Content starts
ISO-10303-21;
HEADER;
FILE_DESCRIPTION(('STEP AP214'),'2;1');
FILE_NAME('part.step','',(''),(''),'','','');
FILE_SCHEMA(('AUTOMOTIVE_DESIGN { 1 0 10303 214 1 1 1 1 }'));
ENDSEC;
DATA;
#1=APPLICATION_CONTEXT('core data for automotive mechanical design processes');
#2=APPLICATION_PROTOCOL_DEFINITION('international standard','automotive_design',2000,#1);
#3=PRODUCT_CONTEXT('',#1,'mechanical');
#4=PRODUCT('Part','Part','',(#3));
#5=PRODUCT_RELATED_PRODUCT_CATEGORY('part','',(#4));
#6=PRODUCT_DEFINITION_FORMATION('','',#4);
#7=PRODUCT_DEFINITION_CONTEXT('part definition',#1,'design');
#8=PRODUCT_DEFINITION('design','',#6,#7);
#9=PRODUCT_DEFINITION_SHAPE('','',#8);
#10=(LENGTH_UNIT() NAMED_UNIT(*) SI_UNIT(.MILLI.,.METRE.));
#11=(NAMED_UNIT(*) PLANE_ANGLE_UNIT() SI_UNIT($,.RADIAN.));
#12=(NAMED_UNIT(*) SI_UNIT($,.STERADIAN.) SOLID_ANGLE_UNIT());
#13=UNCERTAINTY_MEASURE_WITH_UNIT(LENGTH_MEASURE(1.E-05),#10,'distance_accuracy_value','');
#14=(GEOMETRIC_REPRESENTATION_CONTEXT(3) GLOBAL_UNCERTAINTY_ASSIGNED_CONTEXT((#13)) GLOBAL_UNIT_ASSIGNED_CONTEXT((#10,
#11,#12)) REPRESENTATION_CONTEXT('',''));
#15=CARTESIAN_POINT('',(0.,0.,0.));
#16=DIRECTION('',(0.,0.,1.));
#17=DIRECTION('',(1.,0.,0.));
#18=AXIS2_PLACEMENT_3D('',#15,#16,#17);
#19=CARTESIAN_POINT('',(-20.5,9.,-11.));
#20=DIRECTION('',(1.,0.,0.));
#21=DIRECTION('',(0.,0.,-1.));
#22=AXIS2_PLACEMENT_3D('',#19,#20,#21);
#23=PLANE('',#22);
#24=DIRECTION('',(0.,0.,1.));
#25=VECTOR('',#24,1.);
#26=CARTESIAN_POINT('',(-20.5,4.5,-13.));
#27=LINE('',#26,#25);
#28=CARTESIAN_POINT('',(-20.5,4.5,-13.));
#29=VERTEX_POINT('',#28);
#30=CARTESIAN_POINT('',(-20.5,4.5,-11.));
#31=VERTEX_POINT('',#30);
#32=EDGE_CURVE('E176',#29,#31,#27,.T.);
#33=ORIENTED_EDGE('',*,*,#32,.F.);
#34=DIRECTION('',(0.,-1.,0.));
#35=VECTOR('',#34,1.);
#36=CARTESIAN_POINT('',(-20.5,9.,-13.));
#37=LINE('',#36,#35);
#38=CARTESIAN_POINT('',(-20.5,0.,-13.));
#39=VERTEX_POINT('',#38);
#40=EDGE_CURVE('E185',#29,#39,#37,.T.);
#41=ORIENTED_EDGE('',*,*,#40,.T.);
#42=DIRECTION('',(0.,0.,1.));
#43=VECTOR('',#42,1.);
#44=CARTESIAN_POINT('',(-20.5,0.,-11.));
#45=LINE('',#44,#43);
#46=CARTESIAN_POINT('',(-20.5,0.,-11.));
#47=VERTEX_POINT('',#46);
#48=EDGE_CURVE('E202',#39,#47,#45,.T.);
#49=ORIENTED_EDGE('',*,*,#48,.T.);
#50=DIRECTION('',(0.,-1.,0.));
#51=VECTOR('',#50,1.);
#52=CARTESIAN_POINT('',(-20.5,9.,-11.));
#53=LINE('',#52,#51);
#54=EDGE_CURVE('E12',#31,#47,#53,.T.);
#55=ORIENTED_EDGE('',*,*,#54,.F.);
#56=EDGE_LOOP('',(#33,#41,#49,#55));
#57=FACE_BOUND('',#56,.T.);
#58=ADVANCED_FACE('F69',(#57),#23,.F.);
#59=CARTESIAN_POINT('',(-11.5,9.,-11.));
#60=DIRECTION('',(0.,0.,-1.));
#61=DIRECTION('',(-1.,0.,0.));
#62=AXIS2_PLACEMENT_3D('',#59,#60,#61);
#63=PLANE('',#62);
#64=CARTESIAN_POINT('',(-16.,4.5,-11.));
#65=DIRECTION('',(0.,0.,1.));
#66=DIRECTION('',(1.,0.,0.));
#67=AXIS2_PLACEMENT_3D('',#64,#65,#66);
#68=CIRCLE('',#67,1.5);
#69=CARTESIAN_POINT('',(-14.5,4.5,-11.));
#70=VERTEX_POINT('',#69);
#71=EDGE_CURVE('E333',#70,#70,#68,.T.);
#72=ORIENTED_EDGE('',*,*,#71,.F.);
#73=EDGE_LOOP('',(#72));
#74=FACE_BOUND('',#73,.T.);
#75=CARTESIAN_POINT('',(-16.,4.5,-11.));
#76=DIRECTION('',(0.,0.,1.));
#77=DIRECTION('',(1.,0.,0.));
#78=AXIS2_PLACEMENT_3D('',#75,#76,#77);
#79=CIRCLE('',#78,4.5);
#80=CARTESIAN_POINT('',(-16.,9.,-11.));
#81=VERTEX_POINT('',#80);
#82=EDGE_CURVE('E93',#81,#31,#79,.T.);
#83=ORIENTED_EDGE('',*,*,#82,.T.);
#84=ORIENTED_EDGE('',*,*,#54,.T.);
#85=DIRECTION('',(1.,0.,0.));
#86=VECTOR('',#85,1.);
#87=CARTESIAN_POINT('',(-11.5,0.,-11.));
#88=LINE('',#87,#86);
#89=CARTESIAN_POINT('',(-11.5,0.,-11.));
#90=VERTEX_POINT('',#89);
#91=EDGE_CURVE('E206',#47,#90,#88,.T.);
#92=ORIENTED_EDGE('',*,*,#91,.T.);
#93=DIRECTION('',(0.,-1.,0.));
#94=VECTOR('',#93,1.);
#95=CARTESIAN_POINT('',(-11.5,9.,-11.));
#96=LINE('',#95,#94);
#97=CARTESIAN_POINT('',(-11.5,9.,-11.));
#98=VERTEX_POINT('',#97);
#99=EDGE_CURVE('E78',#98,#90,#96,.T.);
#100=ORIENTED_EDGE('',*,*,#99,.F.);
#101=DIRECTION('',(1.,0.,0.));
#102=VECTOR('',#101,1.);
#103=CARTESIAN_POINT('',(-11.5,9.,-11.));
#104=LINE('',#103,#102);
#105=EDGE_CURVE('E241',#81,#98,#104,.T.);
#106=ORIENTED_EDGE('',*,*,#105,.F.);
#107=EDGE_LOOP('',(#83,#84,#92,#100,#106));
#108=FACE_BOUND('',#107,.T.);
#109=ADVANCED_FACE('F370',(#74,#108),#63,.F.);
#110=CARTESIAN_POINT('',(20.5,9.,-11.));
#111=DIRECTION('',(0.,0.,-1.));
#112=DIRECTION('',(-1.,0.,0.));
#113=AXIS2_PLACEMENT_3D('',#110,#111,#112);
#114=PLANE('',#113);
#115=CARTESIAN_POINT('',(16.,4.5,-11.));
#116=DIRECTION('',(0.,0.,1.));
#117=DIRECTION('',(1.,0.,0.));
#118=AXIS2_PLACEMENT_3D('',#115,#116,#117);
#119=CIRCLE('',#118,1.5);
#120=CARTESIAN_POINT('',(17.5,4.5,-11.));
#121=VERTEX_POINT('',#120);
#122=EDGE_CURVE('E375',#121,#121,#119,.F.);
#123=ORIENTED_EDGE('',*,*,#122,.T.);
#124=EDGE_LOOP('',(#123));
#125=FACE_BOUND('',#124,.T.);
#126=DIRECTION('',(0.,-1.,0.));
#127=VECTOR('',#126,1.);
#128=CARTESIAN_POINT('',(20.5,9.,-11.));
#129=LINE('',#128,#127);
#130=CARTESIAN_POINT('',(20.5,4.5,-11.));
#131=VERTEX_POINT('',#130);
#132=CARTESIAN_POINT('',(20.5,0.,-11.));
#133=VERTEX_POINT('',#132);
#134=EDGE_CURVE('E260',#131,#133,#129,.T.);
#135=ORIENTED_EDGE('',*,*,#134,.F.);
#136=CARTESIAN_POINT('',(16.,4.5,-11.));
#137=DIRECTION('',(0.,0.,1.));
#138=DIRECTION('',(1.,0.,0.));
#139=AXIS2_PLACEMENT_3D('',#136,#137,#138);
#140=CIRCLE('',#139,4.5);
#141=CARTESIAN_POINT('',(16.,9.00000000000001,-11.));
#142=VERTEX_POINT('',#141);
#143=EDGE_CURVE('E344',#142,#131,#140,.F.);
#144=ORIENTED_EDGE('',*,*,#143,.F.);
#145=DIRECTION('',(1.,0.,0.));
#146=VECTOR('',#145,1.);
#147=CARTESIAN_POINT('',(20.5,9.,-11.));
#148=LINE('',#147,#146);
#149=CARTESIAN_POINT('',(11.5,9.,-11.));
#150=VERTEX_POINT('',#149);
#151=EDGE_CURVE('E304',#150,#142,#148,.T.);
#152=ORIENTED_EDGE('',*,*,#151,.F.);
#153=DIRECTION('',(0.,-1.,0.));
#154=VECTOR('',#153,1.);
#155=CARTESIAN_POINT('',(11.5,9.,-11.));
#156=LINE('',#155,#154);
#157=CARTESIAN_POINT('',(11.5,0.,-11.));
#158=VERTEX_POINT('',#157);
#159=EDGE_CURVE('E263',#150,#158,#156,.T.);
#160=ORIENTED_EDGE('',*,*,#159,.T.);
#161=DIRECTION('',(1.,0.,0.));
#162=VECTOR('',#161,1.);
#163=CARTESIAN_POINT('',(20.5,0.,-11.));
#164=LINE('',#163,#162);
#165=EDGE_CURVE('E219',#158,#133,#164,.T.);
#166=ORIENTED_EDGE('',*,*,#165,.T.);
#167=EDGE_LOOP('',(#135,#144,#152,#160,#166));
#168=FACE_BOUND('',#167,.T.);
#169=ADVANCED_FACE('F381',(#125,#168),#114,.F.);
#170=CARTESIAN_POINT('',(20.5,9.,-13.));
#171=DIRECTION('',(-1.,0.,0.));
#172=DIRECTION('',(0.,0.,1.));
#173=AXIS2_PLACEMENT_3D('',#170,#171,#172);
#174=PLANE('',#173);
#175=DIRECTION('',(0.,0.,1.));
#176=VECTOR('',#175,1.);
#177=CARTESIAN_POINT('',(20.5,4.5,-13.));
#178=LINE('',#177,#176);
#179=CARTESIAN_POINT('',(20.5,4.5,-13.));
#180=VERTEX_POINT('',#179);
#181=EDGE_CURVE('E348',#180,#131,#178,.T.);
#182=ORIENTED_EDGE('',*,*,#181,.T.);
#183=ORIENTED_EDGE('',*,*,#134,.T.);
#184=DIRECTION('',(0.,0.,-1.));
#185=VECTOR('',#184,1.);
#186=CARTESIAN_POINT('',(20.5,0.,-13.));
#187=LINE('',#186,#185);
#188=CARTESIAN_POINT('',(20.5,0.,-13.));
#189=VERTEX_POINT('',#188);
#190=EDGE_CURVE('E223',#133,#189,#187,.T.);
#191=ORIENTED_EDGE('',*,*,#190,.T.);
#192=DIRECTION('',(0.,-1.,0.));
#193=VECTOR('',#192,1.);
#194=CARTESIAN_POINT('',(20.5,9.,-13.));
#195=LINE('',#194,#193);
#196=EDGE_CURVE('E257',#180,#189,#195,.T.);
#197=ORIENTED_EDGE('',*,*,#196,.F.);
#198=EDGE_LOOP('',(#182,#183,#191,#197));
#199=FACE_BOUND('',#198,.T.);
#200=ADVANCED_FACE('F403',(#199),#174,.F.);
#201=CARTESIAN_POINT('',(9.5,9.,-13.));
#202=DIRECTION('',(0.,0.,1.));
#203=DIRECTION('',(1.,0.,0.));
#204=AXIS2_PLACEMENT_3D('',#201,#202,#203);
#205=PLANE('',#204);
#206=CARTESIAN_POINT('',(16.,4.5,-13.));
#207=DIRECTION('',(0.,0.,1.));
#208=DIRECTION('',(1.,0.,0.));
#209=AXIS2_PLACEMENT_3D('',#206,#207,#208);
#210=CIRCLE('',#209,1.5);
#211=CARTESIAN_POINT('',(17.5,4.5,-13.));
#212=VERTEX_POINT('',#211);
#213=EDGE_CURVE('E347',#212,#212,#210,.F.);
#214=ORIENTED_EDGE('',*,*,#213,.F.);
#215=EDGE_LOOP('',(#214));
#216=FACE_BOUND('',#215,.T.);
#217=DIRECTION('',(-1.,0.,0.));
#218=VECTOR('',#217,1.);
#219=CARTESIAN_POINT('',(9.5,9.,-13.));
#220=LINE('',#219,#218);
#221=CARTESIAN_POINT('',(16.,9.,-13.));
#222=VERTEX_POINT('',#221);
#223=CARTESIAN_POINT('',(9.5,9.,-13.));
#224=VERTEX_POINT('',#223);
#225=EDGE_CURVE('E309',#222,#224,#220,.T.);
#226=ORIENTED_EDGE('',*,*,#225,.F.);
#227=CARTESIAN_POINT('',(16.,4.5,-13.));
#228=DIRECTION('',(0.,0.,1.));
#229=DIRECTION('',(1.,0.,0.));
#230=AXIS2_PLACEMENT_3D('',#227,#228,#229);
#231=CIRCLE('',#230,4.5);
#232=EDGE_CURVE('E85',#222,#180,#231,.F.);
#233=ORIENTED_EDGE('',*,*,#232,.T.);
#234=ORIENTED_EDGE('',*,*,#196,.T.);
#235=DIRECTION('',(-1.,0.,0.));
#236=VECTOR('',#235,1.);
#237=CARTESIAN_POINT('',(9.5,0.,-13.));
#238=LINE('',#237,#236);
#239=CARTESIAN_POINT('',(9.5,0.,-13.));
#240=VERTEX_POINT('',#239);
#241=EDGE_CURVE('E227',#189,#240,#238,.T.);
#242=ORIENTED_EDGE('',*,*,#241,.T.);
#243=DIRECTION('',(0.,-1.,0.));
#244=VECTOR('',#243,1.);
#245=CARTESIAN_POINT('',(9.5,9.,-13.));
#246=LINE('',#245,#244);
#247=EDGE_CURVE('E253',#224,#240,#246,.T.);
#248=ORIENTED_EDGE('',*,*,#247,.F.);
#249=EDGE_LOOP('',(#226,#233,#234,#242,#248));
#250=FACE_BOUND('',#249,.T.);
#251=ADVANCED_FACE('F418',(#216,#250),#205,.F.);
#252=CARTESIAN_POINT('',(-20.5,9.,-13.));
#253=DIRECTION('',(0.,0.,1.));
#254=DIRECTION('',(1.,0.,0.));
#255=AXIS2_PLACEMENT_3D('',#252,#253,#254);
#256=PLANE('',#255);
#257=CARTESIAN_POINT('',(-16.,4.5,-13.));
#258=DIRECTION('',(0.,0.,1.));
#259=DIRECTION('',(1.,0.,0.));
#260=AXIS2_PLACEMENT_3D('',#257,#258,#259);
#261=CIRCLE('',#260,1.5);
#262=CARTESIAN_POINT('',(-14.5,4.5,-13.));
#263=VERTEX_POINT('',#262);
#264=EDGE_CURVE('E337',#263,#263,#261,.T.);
Content ends
▸ Aim of the exercise
After locating the line holding "#240=VERTEX_POINT('',#239);" above, output exactly that line and every line after it through the line holding "#248=ORIENTED_EDGE('',*,*,#247,.F.);". Include nothing else.

▸ Output of the exercise
#240=VERTEX_POINT('',#239);
#241=EDGE_CURVE('E227',#189,#240,#238,.T.);
#242=ORIENTED_EDGE('',*,*,#241,.T.);
#243=DIRECTION('',(0.,-1.,0.));
#244=VECTOR('',#243,1.);
#245=CARTESIAN_POINT('',(9.5,9.,-13.));
#246=LINE('',#245,#244);
#247=EDGE_CURVE('E253',#224,#240,#246,.T.);
#248=ORIENTED_EDGE('',*,*,#247,.F.);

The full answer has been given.